Cancer: The mutated ATM gene prevents cells from responding correctly to DNA damage. Instead of activating DNA repair, the gene allows genetic defects to accumulate in the body. This may cause cells to grow and divide uncontrollably, which often leads to cancer.
About 20% of A-T patients develop cancer, most frequently acute lymphocytic leukemia or lymphoma. Cancer in A-T patients is often life threatening. A group of researchers reviewed 58 A-T autopsy cases and found that 21% of deaths were caused by cancer along, and 28% were caused by a combination of cancer and pulmonary infections.
Curved spine: The poor muscle control and muscle weakness associated with A-T can lead to a curved spine in some patients. Progressive scoliosis (spine that curves away from the middle or to the side) and kyphosis (curved spine that causes a bowing of the back, which leads to a hunchback or slouching posture) may develop in A-T patients.
Diabetes: A-T patients may develop diabetes during adolescence. Researchers believe that ATM plays an important role in signaling events that stimulate a cell to take in more glucose. More research is necessary to fully understand the association between A-T and diabetes.
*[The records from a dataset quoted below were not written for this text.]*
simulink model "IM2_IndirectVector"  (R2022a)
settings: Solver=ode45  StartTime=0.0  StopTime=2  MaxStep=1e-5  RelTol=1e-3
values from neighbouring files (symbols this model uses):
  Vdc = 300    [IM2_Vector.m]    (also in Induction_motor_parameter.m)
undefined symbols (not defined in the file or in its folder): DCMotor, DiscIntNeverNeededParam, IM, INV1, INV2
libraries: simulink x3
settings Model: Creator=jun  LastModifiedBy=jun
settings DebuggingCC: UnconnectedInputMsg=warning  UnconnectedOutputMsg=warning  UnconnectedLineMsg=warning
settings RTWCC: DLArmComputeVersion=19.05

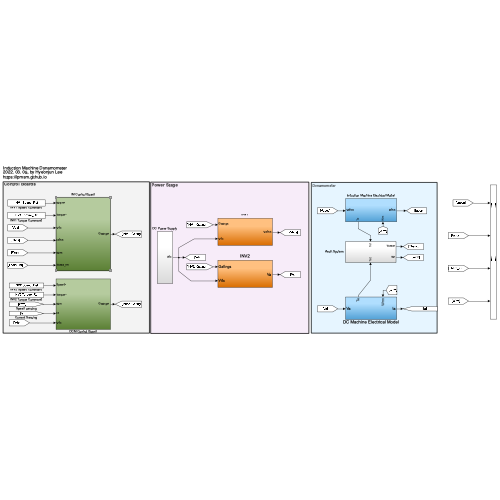
[thumbnail: Simulink's stored preview of the top-level diagram]
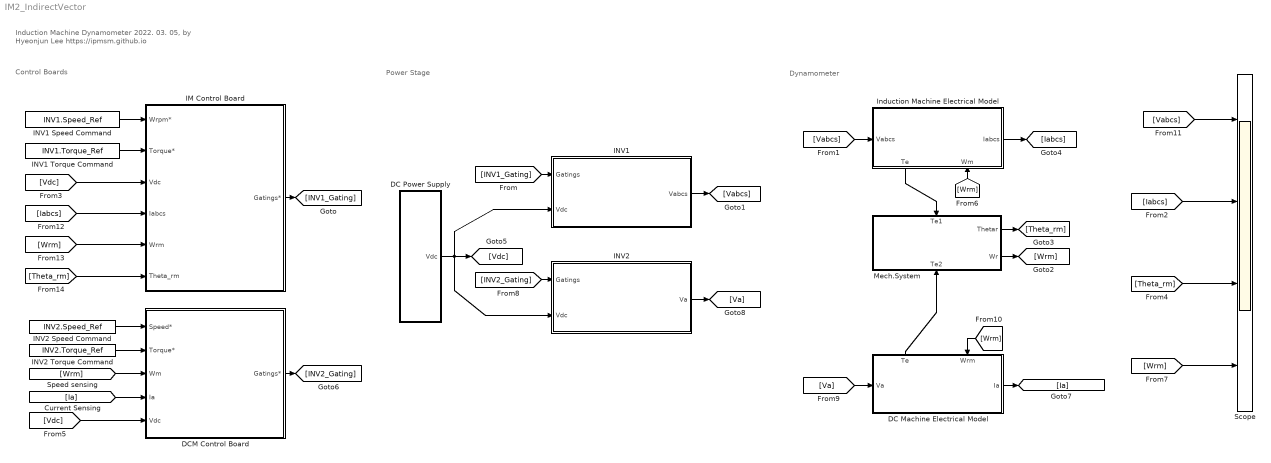
== system IM2_IndirectVector ==
  note: Induction Machine Dynamometer
      | 2022. 03. 05, by Hyeonjun Lee
      | https://ipmsm.github.io
  note: Dynamometer
  note: Power Stage
  note: Control Boards
  DC Machine Electrical Model : Subsystem
      settings: PortSchema="{\"entries\":[{\"content\":{\"sides\":[{\"content\":{\"connectorIds\":[\"In1\"]},\"type\":\"ConnectorPlacement.EquallySpacedRectSide\",\"uuid\":\"4074897e-6920-4f33-b302-64d86120b7df\"},{\"content\":{\"connectorIds\":[\"Out1\"],\"side\":\"RIGHT\"},\"type\":\"ConnectorPlacement.EquallySpacedRectSide\",\"uuid\":\"671615ca-e362-48c9-a030-03d33faae874\"},{\"content\":{\"connectorIds\":[\"Out2\",\"In2\"],\"side\":\"TOP\"},\"type\":\"ConnectorPlacement.EquallySpacedRectSide\",\"uuid\":\"d587e8fb-b462-47db-b9f9-66f25c83a3fe\"},{\"content\":{\"connectorIds\":[],\"side\":\"BOTTOM\"},\"type\":\"ConnectorPlacement.EquallySpacedRectSide\",\"uuid\":\"9be21003-cb0d-41fd-b790-e70774da76cb\"}]},\"type\":\"ConnectorPlacement.EquallySpacedConnector\",\"uuid\":\"22d4a5b5-b610-40ac-ac45-102e1f1adc00\"}],\"packageUris\":[\"http://schema.mathworks.com/mf0/Connector/R2020b\"],\"version\":\"1.0\"}"
  DC Power Supply : Subsystem
  DCM Control Board : Subsystem
  IM Control Board : Subsystem
  INV1 : Subsystem
  INV1 Speed Command : Constant  Value=INV1.Speed_Ref
  INV1 Torque Command : Constant  Value=INV1.Torque_Ref
  INV2 : Subsystem
  INV2 Speed Command : Constant  Value=INV2.Speed_Ref
  INV2 Torque Command : Constant  Value=INV2.Torque_Ref
  Induction Machine Electrical Model : Subsystem
      settings: PortSchema="{\"entries\":[{\"content\":{\"sides\":[{\"content\":{\"connectorIds\":[\"In1\"]},\"type\":\"ConnectorPlacement.EquallySpacedRectSide\",\"uuid\":\"2d22a4ac-8ce0-4f43-8306-e5d06343ee91\"},{\"content\":{\"connectorIds\":[\"Out1\"],\"side\":\"RIGHT\"},\"type\":\"ConnectorPlacement.EquallySpacedRectSide\",\"uuid\":\"eaa0b2e3-b8a8-4ec2-a419-1e6d0efc2421\"},{\"content\":{\"connectorIds\":[],\"side\":\"TOP\"},\"type\":\"ConnectorPlacement.EquallySpacedRectSide\",\"uuid\":\"755c15fe-a709-466a-9725-b33f4e12c3a1\"},{\"content\":{\"connectorIds\":[\"Out2\",\"In2\"],\"side\":\"BOTTOM\"},\"type\":\"ConnectorPlacement.EquallySpacedRectSide\",\"uuid\":\"8ffd0ea7-af21-4bb6-bd52-5cb3d0234bc0\"}]},\"type\":\"ConnectorPlacement.EquallySpacedConnector\",\"uuid\":\"5b0edaea-9abe-4353-a27d-04fae1d4b959\"}],\"packageUris\":[\"http://schema.mathworks.com/mf0/Connector/R2020b\"],\"version\":\"1.0\"}"
  Mech.System : Subsystem
      settings: PortSchema="{\"entries\":[{\"content\":{\"sides\":[{\"content\":{\"connectorIds\":[]},\"type\":\"ConnectorPlacement.EquallySpacedRectSide\",\"uuid\":\"7816393c-e6ef-44df-b641-25156ded1cdc\"},{\"content\":{\"connectorIds\":[\"Out1\",\"Out2\"],\"side\":\"RIGHT\"},\"type\":\"ConnectorPlacement.EquallySpacedRectSide\",\"uuid\":\"df3d9513-253d-4c97-8efd-af2438fb286e\"},{\"content\":{\"connectorIds\":[\"In1\"],\"side\":\"TOP\"},\"type\":\"ConnectorPlacement.EquallySpacedRectSide\",\"uuid\":\"65b6b526-a008-40f6-a42d-b2e1dc0c5f24\"},{\"content\":{\"connectorIds\":[\"In2\"],\"side\":\"BOTTOM\"},\"type\":\"ConnectorPlacement.EquallySpacedRectSide\",\"uuid\":\"f448aff5-19c1-43a0-84ba-52356c379f88\"}]},\"type\":\"ConnectorPlacement.EquallySpacedConnector\",\"uuid\":\"afd6e091-39ce-476c-80f4-568492feeb85\"}],\"packageUris\":[\"http://schema.mathworks.com/mf0/Connector/R2020b\"],\"version\":\"1.0\"}"
  Scope : Scope  NumInputPorts=4
  wires:
  INV1 Speed Command/1 -> IM Control Board/1(Wrpm*)
  IM Control Board/1(Gatings*) -> [INV1_Gating]
  [INV1_Gating] -> INV1/1(Gatings)
  [Vabcs] -> Induction Machine Electrical Model/1(Vabcs)
  Induction Machine Electrical Model/2(Te) -> Mech.System/1(Te1)
  Induction Machine Electrical Model/1(Iabcs) -> [Iabcs]
  [Vdc] -> IM Control Board/3(Vdc)
  INV2 Speed Command/1 -> DCM Control Board/1(Speed*)
  [Wrm] -> DCM Control Board/3(Wm)
  [Ia] -> DCM Control Board/4(Ia)
  DCM Control Board/1(Gatings*) -> [INV2_Gating]
  INV2 Torque Command/1 -> DCM Control Board/2(Torque*)
  [Vdc] -> DCM Control Board/5(Vdc)
  [INV2_Gating] -> INV2/1(Gatings)
  DC Machine Electrical Model/2(Te) -> Mech.System/2(Te2)
  Mech.System/1(Thetar) -> [Theta_rm]
  [Wrm] -> Induction Machine Electrical Model/2(Wm)
  Mech.System/2(Wr) -> [Wrm]
  [Va] -> DC Machine Electrical Model/1(Va)
  INV2/1(Va) -> [Va]
  DC Power Supply/1(Vdc) -> INV1/2(Vdc), [Vdc], INV2/2(Vdc)
  [Iabcs] -> Scope/2
  [Theta_rm] -> Scope/3
  [Wrm] -> Scope/4
  INV1/1(Vabcs) -> [Vabcs]
  [Wrm] -> DC Machine Electrical Model/2(Wrm)
  [Vabcs] -> Scope/1
  DC Machine Electrical Model/1(Ia) -> [Ia]
  INV1 Torque Command/1 -> IM Control Board/2(Torque*)
  [Iabcs] -> IM Control Board/4(Iabcs)
  [Wrm] -> IM Control Board/5(Wrm)
  [Theta_rm] -> IM Control Board/6(Theta_rm)

== system IM2_IndirectVector/DC Machine Electrical Model ==
  note: DC Machine Mech Model
  note: DC Machine Electrical Model
  Va : Inport
  Wrm : Inport  Port=2
  1/La2 : Gain  Gain=DCMotor.K  SaturateOnIntegerOverflow=on  OutDataTypeStr=Inherit: Same as input  ParamDataTypeStr=Inherit: Same as input
  Gain2 : Gain  Gain=1/DCMotor.La
  Gain3 : Gain  Gain=DCMotor.Ra
  Gain4 : Gain  Gain=DCMotor.K
  Integrator1 : Integrator
  Sum : Sum  Inputs=+--  SaturateOnIntegerOverflow=on
  Ia : Outport
  Te : Outport  Port=2  VectorParamsAs1DForOutWhenUnconnected=off
  wires:
  1/La2/1 -> Sum/2
  Integrator1/1 -> Gain4/1, Ia/1, Gain3/1
  Sum/1 -> Gain2/1
  Gain4/1 -> [Te], Te/1
  Va/1 -> Sum/1
  Gain2/1 -> Integrator1/1
  Gain3/1 -> Sum/3
  Wrm/1 -> 1/La2/1

== system IM2_IndirectVector/DC Power Supply ==
  Constant : Constant  Value=Vdc
  Vdc : Outport
  wires:
  Constant/1 -> Vdc/1

== system IM2_IndirectVector/DCM Control Board ==
  Speed* : Inport
  Torque* : Inport  Port=2
  Wm : Inport  Port=3
  Ia : Inport  Port=4
  Vdc : Inport  Port=5
  Control Programs : Subsystem
  Fsw : DiscretePulseGenerator  PulseType=Time based  Period=1/INV2.SwitchingFrequency  PulseWidth=50
  Gain : Gain  Gain=-1
  PWM Module : Subsystem
  Gatings* : Outport
  wires:
  PWM Module/1(Gating) -> Gatings*/1
  Speed*/1 -> Control Programs/1(Speed*)
  Torque*/1 -> Control Programs/2(Torque*)
  Wm/1 -> Gain/1
  Ia/1 -> Control Programs/4(Ia)
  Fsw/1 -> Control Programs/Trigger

Progressive movement disorder: In A-T patients, the cells in the brain die, especially those cells that are involved in coordinating movements (the cerebellum). When these brain cells die, the body has difficulty coordinating muscles. As the disease progresses and motor function continues to decline, the individual may eventually be limited to a wheelchair.
Pulmonary infections: Recurrent pulmonary infections are common among A-T patients because they typically have a deficiency of immunoglobulin A (IgA). In healthy individuals, IgA makes up about 90% of the globulin found in nasal secretions. Therefore, A-T patients are at an increased risk for developing pulmonary infections.
Researchers estimate that 48-81% of A-T patients suffer from recurrent pulmonary infections, which can be life threatening. A group of researchers reviewed 58 A-T autopsy cases and found that 46% of deaths were caused by pulmonary infections alone, and 28% were caused by a combination of pulmonary infections and cancer.